Set down exactly, and only, the lines from the one with "#262=CARTESIAN_POINT('',(-4.,-1.4,-2.));" to the final line of the entries, both included.

- Opening Delimiter -

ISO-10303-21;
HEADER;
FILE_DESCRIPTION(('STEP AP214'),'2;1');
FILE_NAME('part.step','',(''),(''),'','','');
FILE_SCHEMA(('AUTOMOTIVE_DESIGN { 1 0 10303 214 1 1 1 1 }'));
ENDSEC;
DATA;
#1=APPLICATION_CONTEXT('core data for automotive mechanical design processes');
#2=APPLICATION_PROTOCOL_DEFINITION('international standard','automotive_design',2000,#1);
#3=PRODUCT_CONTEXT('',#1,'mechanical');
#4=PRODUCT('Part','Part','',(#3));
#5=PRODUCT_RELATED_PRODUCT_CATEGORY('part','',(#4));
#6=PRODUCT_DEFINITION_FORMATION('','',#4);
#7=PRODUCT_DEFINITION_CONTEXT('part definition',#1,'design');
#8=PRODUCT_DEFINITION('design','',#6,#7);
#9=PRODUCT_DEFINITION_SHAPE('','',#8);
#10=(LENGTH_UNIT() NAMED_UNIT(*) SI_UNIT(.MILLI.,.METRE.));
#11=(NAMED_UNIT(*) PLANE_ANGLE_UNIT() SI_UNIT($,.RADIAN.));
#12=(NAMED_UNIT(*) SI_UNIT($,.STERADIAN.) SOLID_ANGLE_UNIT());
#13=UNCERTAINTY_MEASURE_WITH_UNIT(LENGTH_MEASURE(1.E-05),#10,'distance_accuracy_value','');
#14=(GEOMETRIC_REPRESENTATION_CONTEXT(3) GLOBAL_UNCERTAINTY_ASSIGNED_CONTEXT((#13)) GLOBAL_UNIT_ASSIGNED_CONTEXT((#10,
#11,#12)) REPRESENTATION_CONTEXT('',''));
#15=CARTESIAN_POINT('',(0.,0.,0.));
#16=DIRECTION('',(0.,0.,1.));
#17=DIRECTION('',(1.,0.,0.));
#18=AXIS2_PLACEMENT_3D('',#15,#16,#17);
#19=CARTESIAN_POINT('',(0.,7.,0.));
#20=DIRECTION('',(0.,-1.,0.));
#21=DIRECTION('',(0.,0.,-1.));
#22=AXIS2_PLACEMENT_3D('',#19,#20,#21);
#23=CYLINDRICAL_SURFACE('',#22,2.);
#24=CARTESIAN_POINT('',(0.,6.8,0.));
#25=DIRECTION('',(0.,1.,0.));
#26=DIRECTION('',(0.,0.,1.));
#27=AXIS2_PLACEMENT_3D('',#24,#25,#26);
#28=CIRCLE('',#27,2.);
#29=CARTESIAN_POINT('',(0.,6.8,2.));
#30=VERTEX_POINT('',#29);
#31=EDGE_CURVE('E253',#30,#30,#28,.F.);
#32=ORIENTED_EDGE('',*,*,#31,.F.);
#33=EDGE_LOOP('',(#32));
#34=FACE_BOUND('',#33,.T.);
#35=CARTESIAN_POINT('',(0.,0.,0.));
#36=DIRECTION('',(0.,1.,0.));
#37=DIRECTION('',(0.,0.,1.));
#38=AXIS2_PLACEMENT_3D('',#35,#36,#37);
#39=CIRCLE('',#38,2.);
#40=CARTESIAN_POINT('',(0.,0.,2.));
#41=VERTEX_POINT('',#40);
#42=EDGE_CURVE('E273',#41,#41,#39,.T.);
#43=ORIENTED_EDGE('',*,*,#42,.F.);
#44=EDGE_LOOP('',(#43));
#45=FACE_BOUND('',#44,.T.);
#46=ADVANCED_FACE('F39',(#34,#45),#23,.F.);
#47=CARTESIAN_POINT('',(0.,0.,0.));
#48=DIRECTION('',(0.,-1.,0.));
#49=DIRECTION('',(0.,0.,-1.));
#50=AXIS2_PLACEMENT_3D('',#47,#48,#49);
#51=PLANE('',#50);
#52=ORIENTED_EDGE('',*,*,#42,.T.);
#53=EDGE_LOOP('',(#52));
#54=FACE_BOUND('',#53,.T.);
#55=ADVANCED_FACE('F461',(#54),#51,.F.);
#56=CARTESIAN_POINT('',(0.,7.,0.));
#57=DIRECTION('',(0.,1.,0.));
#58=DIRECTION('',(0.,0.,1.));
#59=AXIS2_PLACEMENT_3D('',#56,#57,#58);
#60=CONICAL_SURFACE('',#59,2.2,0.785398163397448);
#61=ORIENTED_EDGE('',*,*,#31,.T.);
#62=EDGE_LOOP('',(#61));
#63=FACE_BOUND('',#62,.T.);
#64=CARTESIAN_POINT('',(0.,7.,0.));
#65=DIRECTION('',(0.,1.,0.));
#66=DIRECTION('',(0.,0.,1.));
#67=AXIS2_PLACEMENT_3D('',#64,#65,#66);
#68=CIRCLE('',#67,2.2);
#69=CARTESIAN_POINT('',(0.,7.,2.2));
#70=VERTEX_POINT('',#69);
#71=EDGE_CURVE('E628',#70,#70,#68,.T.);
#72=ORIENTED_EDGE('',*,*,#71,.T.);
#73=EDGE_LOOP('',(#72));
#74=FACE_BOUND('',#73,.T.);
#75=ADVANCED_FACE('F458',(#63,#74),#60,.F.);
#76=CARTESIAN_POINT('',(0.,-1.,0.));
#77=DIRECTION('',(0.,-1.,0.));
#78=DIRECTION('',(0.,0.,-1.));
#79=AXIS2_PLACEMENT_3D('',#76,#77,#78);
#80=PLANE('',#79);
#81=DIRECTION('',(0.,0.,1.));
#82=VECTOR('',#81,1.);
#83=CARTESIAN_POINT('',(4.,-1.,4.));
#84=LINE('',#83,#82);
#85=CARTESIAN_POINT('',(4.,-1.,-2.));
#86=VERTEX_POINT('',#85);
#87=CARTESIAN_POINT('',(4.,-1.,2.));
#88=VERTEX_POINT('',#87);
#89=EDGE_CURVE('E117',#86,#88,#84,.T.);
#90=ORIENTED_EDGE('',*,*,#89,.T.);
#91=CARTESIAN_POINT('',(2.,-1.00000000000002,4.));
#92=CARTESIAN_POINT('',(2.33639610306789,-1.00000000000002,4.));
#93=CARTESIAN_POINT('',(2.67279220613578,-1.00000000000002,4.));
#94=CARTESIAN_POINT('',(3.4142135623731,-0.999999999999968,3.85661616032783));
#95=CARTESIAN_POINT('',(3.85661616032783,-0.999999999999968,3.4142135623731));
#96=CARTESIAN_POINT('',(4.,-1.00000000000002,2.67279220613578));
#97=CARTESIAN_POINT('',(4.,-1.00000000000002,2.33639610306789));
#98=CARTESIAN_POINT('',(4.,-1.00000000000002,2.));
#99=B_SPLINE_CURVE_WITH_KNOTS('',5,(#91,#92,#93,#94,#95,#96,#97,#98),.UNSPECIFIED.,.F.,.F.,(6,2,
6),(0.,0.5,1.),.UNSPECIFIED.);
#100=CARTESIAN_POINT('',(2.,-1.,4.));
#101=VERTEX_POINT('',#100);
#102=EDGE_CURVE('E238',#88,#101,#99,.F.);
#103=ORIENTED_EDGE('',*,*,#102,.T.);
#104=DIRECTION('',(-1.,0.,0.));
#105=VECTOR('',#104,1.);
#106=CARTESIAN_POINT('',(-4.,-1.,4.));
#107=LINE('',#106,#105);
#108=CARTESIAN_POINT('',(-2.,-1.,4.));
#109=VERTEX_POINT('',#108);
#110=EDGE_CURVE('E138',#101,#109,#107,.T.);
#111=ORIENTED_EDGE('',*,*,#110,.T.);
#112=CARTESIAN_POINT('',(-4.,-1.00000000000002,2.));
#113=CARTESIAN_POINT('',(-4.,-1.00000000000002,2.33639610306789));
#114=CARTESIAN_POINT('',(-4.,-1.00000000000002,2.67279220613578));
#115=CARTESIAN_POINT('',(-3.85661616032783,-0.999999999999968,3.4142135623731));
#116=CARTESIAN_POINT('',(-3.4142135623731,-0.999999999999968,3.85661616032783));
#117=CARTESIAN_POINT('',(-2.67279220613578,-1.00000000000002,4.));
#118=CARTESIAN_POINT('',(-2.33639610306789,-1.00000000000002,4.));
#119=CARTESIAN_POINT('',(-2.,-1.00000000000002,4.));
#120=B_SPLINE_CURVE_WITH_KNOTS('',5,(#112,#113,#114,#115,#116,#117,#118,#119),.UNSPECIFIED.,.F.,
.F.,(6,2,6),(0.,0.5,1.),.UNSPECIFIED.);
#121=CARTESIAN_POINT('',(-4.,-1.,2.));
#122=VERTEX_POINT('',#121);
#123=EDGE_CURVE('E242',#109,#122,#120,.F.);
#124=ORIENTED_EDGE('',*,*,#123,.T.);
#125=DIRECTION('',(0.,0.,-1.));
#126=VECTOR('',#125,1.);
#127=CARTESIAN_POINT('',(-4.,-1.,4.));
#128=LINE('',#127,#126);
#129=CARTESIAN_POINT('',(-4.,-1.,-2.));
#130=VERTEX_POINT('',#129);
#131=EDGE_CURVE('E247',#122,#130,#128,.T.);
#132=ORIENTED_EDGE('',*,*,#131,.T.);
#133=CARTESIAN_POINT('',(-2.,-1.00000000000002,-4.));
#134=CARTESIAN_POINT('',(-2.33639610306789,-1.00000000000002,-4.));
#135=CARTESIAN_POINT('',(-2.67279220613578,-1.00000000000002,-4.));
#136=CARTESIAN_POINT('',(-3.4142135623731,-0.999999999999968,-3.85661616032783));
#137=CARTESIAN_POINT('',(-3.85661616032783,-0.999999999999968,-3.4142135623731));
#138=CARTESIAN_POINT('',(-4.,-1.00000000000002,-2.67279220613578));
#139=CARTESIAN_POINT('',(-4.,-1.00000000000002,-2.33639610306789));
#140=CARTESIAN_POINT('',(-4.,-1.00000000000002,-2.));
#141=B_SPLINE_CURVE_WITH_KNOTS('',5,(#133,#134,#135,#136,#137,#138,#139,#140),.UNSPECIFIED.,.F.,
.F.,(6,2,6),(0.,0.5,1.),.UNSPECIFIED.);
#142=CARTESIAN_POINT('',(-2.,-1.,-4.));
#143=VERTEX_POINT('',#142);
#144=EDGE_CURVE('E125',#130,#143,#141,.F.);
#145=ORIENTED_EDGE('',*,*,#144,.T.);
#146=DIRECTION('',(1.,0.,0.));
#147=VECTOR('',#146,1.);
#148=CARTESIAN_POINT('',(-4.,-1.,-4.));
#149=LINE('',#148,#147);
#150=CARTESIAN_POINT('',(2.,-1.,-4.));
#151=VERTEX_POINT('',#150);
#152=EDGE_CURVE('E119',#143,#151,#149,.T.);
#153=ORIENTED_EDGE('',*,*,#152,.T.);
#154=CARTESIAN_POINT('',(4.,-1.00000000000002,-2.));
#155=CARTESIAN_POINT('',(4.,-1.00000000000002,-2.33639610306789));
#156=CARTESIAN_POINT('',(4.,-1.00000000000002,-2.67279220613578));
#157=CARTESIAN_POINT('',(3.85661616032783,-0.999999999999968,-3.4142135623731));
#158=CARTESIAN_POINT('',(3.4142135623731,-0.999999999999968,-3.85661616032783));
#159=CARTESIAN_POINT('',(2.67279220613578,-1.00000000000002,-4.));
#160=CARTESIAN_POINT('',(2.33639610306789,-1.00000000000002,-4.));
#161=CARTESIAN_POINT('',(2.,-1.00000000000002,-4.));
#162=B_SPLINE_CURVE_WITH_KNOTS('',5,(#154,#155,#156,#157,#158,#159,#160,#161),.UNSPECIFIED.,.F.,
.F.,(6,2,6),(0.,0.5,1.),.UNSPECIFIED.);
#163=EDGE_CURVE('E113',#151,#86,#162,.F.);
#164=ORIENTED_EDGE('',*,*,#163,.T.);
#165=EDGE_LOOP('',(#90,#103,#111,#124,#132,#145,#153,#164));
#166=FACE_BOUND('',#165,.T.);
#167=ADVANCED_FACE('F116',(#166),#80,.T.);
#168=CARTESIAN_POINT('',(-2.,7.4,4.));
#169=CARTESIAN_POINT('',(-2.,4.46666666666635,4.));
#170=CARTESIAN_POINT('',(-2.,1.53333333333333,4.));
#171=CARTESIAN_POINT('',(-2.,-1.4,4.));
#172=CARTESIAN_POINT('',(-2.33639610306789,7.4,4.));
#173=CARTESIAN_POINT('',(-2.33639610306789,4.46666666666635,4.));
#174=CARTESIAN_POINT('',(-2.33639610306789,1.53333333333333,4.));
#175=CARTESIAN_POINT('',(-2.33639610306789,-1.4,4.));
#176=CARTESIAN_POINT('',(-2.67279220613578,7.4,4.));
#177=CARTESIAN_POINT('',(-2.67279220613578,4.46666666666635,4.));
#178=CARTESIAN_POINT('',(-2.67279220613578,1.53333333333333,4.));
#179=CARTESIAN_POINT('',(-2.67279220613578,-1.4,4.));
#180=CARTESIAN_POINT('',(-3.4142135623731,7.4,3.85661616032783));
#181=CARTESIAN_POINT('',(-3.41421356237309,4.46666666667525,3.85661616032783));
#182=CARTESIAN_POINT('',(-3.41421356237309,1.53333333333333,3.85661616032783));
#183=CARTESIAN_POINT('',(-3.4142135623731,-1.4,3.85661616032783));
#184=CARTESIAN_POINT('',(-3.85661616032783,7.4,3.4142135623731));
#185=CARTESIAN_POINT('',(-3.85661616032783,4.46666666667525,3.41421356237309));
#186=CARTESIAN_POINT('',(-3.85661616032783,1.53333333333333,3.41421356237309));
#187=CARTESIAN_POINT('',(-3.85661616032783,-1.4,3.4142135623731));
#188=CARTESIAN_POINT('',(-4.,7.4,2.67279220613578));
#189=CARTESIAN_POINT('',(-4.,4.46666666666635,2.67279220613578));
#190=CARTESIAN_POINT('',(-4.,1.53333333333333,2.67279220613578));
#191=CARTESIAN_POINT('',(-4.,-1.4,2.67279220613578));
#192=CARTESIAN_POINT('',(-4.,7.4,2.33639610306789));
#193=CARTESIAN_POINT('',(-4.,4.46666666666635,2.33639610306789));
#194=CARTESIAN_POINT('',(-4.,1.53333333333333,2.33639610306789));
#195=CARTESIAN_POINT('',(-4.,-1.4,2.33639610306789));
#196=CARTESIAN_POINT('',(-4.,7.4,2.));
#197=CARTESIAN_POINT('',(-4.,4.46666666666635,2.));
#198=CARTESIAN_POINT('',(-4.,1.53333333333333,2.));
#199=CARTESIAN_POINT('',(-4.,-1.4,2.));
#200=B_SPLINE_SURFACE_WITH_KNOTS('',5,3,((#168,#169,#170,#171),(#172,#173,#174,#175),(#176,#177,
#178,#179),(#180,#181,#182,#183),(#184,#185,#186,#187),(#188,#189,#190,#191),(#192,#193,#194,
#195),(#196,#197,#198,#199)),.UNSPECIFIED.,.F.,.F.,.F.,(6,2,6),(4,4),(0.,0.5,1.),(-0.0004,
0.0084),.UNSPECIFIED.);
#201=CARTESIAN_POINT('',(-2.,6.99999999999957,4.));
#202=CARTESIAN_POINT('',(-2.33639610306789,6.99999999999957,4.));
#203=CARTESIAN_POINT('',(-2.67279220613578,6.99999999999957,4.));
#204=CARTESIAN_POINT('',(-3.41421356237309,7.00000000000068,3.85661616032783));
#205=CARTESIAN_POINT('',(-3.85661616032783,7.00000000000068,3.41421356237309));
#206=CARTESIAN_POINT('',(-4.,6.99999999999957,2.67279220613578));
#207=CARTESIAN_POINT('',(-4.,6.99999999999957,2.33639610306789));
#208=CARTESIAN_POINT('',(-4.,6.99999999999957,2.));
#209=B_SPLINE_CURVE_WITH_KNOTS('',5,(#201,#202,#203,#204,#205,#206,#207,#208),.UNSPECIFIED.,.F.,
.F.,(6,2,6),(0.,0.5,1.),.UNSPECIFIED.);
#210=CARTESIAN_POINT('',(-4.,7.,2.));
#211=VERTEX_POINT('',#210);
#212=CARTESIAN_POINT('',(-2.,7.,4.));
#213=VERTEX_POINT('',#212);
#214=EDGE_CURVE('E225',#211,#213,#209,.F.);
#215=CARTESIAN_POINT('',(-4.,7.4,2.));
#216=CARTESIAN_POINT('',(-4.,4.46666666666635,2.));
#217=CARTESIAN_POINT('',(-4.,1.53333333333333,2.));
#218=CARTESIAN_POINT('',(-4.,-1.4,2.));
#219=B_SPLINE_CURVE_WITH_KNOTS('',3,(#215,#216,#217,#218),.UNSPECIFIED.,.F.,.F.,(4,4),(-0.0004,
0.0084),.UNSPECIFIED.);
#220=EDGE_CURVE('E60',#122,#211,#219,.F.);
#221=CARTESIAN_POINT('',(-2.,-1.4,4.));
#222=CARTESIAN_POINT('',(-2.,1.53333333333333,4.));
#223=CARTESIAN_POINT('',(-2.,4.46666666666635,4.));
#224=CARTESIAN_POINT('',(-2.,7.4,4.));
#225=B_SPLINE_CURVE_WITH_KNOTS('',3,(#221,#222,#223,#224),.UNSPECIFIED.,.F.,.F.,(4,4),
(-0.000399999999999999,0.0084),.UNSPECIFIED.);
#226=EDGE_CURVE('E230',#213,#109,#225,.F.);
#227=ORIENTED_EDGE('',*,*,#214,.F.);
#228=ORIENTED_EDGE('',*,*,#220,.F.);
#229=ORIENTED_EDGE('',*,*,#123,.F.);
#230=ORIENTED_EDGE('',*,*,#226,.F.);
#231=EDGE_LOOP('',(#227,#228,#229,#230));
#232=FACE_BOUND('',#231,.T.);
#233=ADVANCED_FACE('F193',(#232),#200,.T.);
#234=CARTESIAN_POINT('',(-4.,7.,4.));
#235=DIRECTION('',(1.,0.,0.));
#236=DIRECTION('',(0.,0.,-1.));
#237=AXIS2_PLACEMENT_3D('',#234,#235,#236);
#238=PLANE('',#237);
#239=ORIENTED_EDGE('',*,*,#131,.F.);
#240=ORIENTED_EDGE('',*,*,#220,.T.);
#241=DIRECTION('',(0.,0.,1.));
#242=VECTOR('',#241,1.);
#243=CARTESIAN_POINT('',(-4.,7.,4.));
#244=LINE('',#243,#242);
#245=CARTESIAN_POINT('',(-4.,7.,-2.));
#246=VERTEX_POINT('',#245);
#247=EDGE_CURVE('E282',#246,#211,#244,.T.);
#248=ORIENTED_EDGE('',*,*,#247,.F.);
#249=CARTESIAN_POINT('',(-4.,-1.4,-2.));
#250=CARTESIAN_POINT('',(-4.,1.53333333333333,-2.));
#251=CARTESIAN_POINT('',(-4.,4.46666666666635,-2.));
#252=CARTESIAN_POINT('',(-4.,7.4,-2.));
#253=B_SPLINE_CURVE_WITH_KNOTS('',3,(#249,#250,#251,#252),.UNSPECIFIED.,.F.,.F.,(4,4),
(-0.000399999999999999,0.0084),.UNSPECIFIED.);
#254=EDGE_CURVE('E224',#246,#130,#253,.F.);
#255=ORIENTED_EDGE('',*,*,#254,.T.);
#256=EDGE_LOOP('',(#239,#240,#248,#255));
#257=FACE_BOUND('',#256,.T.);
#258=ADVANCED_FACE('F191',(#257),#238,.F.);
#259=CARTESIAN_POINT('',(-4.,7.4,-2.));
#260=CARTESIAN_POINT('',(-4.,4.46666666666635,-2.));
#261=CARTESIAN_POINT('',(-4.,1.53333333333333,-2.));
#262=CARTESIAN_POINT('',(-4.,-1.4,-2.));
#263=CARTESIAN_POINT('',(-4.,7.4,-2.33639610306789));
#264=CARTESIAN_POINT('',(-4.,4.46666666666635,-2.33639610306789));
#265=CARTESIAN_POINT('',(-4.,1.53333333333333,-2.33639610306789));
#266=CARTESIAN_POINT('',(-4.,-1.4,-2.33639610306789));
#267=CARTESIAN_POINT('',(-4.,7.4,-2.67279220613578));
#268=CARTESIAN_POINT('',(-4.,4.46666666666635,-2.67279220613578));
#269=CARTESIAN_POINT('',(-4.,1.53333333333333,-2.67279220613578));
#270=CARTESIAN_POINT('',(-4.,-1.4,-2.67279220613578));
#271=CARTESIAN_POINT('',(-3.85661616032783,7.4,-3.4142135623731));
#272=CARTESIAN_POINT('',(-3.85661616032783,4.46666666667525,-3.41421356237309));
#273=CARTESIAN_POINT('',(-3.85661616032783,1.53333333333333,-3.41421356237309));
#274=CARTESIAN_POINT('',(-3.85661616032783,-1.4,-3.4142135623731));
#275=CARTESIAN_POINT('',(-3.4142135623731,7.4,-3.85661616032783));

- Closing Delimiter -

Solution to the exercise:
#262=CARTESIAN_POINT('',(-4.,-1.4,-2.));
#263=CARTESIAN_POINT('',(-4.,7.4,-2.33639610306789));
#264=CARTESIAN_POINT('',(-4.,4.46666666666635,-2.33639610306789));
#265=CARTESIAN_POINT('',(-4.,1.53333333333333,-2.33639610306789));
#266=CARTESIAN_POINT('',(-4.,-1.4,-2.33639610306789));
#267=CARTESIAN_POINT('',(-4.,7.4,-2.67279220613578));
#268=CARTESIAN_POINT('',(-4.,4.46666666666635,-2.67279220613578));
#269=CARTESIAN_POINT('',(-4.,1.53333333333333,-2.67279220613578));
#270=CARTESIAN_POINT('',(-4.,-1.4,-2.67279220613578));
#271=CARTESIAN_POINT('',(-3.85661616032783,7.4,-3.4142135623731));
#272=CARTESIAN_POINT('',(-3.85661616032783,4.46666666667525,-3.41421356237309));
#273=CARTESIAN_POINT('',(-3.85661616032783,1.53333333333333,-3.41421356237309));
#274=CARTESIAN_POINT('',(-3.85661616032783,-1.4,-3.4142135623731));
#275=CARTESIAN_POINT('',(-3.4142135623731,7.4,-3.85661616032783));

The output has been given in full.